Table 5 reveals that the mapping accuracy of PMF varied across different features, different periods, and different classifiers. When using the RF, all the accuracies from the optimal feature set were higher than that from the spectral features alone or textural features alone, especially in the early mulching stage (April and May). It is not so obvious and regular when using SVM. In the later mulching stage (June to July), these characteristics are not so obvious for either RF or SVM. The accuracies of April and May were significantly higher than those of June to July. Therefore, the early mulching stages (mid-April and mid-May) are the optimal periods for mapping PMF in Jizhou.
There were also differences between these two periods. When using the RF classifier, all the features provided the highest accuracy in April and May. The OA, PA, UA, and Kappa were 94.02%, 91.67%, 93.18%, and 0.92, respectively in April, while these values were 94.87%, 86.79%, 91.83%, and 0.93, respectively, in May. The second-highest accuracy provided by 50% of the features occurred in April, the OA, PA, UA, and Kappa were 92.99%, 91.06%, 90.69%, and 0.91 respectively. In May, the second-highest accuracy was provided by 80% of the features, the OA, PA, UA, and Kappa were 94.42%, 86.79%, 90.66%, and 0.93, respectively. The highest PA and UA of the mapping PMF were provided by 50% of features in April by using RF.
When using SVM, 80% of the features provided the highest accuracy in April, the OA, PA, UA, and Kappa were 91.43%, 86.59%, 93.01%, and 0.89, respectively. One hundred percent of the features provided the highest accuracy in May, the OA, PA, UA, and Kappa were 95.63%, 88.82%, 92.39%, and 0.94, respectively. Therefore, the remote-sensing data in April is better for PMF mapping than May. However, after the middle mulching stage (June to July), all the PA and UA values of PMF were lower than 80% using both RF and SVM. Furthermore, later periods resulted in lower accuracies being obtained. Therefore, we can get the preliminary conclusion that the optimal phase of PMF mapping is between April and mid-May. While there were some differences between classifiers, the accuracy generated from RF was higher than that from SVM.
The Z-test was performed to confirm that this classification was meaningful and significantly better than a random classification, and to assess the significance of differences in accuracies of classification obtained from different feature sets and classifiers. The Z-test values between pairs of features and classifiers are given in Table 6.
Table 6 shows that the Z-test value was 4.69 (higher than 2.58) when comparing the feature set with the highest accuracy and with the poorest accuracy derived from RF. This means that the performance of these two feature sets was significantly different at the 99% confidence level when using RF. Similarly, when using SVM, the performance of different feature sets differed significantly because the Z-test value was 4.64 (higher than 2.58). For the different classifiers, the Z-test value was 4.36 (higher than 2.58) when comparing the highest accuracy of RF and SVM. The Z-test value was 2.83 (higher than 2.58) when comparing the poorest accuracy of RF and SVM. Therefore, the performance of RF and SVM was significantly different at the 99% confidence level.

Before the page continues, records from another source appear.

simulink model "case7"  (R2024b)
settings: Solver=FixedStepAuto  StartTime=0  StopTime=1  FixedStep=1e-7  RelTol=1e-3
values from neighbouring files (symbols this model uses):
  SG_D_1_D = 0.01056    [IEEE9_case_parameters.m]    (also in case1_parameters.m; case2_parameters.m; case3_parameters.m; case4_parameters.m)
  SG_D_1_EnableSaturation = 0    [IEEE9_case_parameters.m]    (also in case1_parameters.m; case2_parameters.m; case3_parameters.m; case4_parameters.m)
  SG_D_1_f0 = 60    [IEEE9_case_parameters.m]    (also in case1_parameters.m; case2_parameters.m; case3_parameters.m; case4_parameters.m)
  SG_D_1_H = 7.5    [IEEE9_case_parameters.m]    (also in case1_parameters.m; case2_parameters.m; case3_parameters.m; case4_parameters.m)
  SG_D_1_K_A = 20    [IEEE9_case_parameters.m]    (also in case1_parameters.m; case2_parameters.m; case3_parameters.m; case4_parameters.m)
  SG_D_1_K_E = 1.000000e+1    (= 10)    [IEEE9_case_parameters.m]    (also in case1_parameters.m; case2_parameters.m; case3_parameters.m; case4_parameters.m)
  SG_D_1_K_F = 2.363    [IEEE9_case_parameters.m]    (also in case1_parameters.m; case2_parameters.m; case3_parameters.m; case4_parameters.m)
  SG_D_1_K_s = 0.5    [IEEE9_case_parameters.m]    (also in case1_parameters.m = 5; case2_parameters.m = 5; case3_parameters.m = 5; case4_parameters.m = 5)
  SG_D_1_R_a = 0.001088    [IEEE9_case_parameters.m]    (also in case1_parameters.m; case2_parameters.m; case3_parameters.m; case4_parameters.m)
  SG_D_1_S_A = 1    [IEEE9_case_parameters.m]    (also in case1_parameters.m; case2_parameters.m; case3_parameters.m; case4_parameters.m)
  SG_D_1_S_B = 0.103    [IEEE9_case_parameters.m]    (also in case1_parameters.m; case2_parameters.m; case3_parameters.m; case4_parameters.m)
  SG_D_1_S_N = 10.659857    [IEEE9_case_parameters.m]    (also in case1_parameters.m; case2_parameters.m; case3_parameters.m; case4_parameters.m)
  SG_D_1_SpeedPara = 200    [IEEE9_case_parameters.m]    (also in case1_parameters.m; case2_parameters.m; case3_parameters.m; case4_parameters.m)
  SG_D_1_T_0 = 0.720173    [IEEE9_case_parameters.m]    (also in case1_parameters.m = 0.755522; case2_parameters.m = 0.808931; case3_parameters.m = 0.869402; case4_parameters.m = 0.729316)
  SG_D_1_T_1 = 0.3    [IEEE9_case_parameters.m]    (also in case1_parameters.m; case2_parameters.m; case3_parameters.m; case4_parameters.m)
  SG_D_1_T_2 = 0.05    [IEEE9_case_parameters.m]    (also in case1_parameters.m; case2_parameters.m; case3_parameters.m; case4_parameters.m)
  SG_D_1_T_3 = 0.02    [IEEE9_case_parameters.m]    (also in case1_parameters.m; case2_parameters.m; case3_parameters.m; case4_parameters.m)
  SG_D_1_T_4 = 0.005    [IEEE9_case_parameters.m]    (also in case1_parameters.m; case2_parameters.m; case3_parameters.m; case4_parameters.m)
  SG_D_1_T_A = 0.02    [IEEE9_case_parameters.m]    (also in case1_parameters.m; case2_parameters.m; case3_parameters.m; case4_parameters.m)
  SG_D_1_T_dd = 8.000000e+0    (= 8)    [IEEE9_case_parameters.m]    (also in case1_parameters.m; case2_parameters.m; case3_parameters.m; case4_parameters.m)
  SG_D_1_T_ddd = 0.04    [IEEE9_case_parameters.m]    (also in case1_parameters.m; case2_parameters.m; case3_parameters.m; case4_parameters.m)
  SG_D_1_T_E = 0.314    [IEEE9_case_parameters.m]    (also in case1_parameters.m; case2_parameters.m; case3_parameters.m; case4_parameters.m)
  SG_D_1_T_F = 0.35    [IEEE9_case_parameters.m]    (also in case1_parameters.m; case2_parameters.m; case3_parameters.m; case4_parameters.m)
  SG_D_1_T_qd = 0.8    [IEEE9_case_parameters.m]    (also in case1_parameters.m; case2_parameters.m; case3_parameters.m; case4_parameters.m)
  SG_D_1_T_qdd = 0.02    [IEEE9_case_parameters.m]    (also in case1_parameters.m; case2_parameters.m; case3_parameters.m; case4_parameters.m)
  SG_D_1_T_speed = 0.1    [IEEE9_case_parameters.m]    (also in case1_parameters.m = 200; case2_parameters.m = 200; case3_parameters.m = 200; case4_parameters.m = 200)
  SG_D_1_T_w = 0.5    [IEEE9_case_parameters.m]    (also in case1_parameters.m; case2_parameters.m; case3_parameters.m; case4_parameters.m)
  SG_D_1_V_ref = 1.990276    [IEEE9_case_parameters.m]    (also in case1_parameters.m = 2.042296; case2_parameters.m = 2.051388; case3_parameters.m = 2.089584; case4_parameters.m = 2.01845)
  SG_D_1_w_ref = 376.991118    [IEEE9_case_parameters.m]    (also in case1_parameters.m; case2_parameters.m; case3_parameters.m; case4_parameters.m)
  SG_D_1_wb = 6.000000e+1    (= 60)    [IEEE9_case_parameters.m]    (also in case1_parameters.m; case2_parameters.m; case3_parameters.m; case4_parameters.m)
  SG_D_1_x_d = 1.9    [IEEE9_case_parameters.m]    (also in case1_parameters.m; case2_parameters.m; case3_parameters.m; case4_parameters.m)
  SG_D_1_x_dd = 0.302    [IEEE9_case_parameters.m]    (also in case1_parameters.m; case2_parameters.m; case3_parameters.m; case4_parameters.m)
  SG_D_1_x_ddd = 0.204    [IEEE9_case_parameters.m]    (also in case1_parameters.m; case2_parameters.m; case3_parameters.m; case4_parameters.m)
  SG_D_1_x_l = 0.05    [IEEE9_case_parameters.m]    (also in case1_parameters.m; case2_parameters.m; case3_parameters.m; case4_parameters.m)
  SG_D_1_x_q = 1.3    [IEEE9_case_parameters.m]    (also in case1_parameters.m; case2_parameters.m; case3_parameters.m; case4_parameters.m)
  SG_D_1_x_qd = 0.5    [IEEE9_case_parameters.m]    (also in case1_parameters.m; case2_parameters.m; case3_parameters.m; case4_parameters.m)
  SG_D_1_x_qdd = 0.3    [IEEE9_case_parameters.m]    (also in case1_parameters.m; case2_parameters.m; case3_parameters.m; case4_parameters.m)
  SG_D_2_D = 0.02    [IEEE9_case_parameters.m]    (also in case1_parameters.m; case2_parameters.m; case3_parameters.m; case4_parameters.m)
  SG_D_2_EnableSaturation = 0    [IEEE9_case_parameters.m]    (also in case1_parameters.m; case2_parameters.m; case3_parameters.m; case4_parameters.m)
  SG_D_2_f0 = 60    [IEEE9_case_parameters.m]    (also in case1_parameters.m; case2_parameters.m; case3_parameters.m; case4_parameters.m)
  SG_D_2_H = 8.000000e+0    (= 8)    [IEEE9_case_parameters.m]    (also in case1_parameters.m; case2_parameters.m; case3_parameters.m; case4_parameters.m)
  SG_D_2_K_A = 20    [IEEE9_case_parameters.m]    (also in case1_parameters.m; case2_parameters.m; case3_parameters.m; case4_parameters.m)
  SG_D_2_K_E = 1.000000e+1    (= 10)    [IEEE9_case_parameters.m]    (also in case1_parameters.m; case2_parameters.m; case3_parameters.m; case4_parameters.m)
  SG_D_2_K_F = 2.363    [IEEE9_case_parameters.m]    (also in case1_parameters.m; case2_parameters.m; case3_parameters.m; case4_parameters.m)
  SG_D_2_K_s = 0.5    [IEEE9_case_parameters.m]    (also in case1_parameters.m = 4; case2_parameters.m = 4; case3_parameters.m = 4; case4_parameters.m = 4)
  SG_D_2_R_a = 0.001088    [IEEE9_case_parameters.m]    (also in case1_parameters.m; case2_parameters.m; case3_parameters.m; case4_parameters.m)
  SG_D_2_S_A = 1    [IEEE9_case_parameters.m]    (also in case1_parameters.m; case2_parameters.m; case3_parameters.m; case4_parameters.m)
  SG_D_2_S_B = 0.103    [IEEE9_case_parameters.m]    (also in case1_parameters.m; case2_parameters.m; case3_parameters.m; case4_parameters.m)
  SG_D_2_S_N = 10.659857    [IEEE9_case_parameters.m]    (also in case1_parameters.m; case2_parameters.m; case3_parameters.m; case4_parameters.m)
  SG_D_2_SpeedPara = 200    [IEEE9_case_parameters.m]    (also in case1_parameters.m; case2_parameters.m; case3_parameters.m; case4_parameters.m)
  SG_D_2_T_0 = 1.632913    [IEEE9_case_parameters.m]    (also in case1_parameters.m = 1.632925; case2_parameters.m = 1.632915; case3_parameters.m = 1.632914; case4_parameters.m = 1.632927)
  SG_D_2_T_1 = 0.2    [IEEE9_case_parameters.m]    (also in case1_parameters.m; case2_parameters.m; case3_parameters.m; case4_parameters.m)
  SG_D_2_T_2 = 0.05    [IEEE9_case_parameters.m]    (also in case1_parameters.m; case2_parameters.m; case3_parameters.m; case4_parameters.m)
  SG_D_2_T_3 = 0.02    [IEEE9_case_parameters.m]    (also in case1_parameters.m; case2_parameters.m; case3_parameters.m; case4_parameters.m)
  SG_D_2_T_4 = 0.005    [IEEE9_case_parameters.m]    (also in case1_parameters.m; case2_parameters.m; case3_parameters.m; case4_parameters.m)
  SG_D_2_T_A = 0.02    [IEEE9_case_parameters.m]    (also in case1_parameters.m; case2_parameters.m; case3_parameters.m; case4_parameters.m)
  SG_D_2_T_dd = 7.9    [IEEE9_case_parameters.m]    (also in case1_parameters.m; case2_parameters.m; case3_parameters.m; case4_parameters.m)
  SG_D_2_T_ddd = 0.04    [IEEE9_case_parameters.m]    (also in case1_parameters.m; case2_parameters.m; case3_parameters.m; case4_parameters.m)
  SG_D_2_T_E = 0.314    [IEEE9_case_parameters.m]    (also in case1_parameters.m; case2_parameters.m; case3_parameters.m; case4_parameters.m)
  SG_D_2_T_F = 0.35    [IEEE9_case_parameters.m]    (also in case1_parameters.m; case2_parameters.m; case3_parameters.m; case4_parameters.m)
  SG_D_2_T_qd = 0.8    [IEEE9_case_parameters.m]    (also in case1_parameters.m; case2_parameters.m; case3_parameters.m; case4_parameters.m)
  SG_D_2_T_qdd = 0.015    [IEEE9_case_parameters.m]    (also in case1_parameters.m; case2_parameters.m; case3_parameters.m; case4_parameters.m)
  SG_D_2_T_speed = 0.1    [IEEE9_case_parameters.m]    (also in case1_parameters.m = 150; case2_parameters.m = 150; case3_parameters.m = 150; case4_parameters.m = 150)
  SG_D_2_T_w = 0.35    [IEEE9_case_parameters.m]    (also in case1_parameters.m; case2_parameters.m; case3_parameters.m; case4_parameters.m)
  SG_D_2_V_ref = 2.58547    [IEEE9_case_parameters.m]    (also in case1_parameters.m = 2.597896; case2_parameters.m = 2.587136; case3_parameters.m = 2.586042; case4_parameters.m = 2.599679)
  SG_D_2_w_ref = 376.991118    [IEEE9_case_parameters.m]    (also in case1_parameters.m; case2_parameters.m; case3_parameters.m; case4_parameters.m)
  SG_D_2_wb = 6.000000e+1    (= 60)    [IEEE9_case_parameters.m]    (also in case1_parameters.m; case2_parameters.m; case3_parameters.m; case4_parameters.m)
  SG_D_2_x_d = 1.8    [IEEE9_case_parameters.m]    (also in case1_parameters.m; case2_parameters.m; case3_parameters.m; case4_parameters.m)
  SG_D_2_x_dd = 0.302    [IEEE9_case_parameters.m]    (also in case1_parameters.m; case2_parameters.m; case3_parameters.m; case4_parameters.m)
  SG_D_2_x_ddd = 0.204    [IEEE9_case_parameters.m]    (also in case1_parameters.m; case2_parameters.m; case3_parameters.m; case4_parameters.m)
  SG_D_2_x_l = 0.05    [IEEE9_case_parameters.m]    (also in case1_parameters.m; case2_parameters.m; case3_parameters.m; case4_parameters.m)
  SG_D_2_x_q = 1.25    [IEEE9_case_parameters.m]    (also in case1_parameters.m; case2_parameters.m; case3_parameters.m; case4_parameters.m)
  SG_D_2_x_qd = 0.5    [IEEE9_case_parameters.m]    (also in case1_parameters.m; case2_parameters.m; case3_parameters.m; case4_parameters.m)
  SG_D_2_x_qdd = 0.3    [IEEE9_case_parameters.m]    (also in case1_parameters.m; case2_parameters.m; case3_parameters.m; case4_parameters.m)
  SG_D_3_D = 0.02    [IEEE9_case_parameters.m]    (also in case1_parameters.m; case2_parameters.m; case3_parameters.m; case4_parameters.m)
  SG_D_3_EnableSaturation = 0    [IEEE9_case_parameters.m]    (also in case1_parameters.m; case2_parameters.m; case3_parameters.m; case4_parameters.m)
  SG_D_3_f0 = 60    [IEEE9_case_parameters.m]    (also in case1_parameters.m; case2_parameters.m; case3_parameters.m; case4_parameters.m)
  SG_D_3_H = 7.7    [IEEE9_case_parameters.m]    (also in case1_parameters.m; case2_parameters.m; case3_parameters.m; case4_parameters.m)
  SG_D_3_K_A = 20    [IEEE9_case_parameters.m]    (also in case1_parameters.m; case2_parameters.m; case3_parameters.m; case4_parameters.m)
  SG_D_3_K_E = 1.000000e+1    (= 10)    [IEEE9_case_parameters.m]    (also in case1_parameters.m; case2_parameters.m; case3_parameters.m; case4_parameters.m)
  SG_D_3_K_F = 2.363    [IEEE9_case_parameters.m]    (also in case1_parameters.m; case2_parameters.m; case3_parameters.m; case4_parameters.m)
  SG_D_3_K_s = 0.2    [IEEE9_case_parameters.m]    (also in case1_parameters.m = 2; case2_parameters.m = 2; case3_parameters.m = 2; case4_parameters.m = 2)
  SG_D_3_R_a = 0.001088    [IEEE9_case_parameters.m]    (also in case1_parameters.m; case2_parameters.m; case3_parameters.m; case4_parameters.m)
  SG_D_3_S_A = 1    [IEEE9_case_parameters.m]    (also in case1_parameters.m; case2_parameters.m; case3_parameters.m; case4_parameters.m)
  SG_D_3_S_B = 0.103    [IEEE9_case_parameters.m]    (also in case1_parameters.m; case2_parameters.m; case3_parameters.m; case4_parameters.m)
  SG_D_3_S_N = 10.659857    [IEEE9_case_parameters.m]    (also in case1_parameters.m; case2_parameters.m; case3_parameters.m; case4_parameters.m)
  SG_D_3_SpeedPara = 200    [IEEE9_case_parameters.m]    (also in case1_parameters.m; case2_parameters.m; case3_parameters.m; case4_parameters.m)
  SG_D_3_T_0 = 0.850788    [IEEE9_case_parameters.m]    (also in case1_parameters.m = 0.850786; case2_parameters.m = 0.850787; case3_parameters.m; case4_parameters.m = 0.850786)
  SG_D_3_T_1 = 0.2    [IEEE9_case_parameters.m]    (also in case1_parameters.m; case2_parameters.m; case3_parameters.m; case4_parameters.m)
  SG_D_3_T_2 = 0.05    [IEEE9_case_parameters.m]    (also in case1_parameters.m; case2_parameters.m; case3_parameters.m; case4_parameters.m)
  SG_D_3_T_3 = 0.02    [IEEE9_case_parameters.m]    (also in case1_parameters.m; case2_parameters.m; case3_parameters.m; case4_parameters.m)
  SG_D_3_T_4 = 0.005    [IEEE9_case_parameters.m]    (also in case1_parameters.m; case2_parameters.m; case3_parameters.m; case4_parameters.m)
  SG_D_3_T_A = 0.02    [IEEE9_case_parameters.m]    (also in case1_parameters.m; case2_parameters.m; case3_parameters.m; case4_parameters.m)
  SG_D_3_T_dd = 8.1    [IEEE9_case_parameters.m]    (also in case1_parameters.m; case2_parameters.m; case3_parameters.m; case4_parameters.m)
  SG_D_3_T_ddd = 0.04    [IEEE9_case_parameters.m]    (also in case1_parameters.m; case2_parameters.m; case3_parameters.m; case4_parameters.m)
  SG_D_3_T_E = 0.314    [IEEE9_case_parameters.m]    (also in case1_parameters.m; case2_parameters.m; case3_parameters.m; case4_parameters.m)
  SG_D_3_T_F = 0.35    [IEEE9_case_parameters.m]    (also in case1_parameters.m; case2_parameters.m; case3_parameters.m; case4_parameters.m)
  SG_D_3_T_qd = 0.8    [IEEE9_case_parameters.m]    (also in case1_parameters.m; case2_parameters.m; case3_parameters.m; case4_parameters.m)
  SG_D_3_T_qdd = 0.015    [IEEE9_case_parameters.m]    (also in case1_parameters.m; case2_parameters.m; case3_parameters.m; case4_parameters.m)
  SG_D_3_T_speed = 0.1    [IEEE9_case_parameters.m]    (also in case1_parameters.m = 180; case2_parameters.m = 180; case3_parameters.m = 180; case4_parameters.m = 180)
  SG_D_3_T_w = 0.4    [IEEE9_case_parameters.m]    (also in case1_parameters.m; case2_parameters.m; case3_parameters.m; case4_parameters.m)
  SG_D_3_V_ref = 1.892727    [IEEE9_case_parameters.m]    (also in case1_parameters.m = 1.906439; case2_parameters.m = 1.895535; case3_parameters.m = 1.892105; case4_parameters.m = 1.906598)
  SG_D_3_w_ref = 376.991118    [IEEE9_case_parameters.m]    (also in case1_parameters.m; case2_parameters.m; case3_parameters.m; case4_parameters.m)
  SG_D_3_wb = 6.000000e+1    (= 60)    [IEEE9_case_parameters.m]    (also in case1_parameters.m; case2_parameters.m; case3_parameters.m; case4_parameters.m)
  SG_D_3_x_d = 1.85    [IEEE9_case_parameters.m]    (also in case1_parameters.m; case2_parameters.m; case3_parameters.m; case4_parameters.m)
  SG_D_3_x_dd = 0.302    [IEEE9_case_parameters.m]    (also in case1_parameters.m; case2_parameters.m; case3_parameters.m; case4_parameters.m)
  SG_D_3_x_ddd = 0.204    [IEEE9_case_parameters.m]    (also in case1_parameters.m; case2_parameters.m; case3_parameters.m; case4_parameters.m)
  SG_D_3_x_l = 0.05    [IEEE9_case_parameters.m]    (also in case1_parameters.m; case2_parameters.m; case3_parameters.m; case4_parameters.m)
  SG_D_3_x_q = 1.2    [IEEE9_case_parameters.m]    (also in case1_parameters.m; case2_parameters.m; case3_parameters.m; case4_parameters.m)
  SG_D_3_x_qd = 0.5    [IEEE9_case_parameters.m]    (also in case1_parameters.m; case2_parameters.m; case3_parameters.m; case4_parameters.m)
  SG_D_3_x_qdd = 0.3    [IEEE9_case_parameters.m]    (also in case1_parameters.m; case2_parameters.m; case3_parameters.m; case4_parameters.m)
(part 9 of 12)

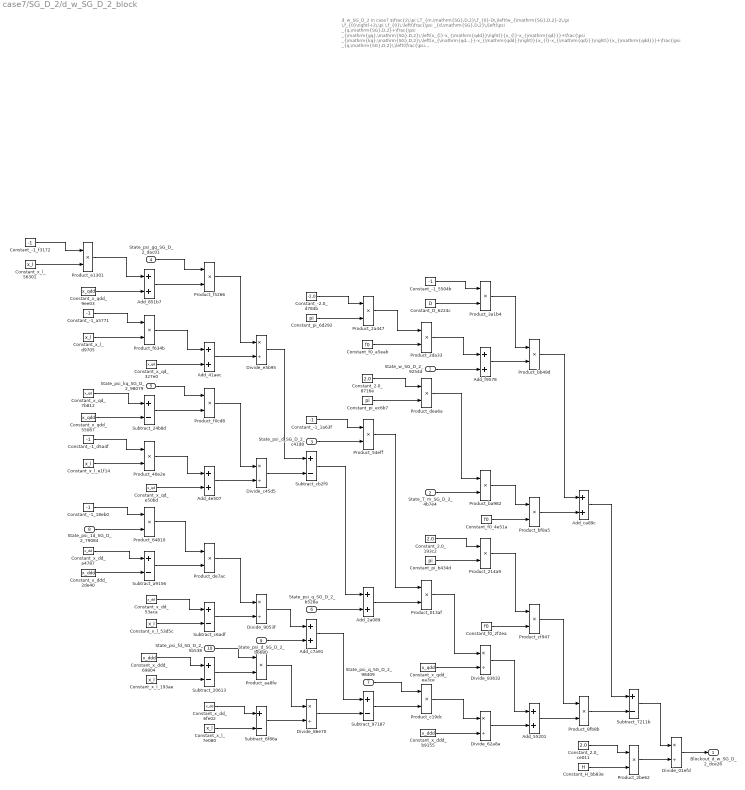
== system case7/SG_D_2/d_w_SG_D_2_block ==
  note: d_w_SG_D_2 in case7
      | $\frac{2\,\pi \,T_{m,\mathrm{SG},D,2}\,f_{0}-D\,\left(w_{\mathrm{SG},D,2}-2\,\pi \,f_{0}\right)+2\,\pi \,f_{0}\,\left(\frac{\psi _{d,\mathrm{SG},D,2}\,\left(\psi _{q,\mathrm{SG},D,2}+\frac{\psi _{\mathrm{gq},\mathrm{SG},D,2}\,\left(x_{l}-x_{\mathrm{qdd}}\right)}{x_{l}-x_{\mathrm{qd}}}+\frac{\psi _{\mathrm{kq},\mathrm{SG},D,2}\,\left(x_{\mathrm{qd}}-x_{\mathrm{qdd}}\right)}{x_{l}-x_{\mathrm{qd}}}\right)}{x_{\mathrm{qdd}}}+\frac{\psi _{q,\mathrm{SG},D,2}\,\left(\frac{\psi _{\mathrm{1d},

4.1.3. Mapping the PMF in Jizhou Using Multi-Temporal Combined Features

In the multi-temporal experiment, we combined the optimized features that produced the highest accuracy, respectively, in 16 April, 18 May, 3 June, and 19 June. The feature combination includes a two-temporal combination, three-temporal combination, and four-temporal combination (Table 7). RF and SVM classifiers were performed based on the selected multi-temporal features.
Table 7 shows that the highest OA, PA, UA, and Kappa of RF were 97.01%, 93.29%, 96.67%, and 0.96. These were higher than the highest accuracy from single temporal features. The two-temporal combined images of 16 April and 18 May provided the highest accuracy, followed by the two-temporal combined images of 16 April and 3 June, and then the three-temporal combined images of 16 April, 18 May, and 3 June. The highest OA, PA, UA, and Kappa of SVM were 95.80%, 89.63%, 94.23%, and 0.95, produced by the two-temporal combined images of 16 April and 18 May. In the multi-temporal combination experiment, the RF also outperforms the SVM.
In this section, we also performed the Z-test. The Z-test values between pairs of features and classifiers are given in Table 8. Table 8 shows that the Z-test value from the comparison of the highest accuracy from single and multi-temporal features using RF was 6.32, which is higher than 2.58. This Z-test value was 10.82 when comparing the poorest accuracy from single and multi-temporal features using RF. Similarly, when using SVM, the Z-test values were 5.95 and 10.52, respectively, for single and multi-temporal features with highest accuracy and the poorest accuracy. This indicates that the performance of single and multi-temporal features was significantly different at the 99% confidence level when using RF and SVM. For comparing the RF and SVM, the Z-test value was 4.75 using the single temporal features, while the Z-test value was 4.36 using the multi-temporal features. Therefore, the performance of RF is significantly better than SVM using both single and multi-temporal features.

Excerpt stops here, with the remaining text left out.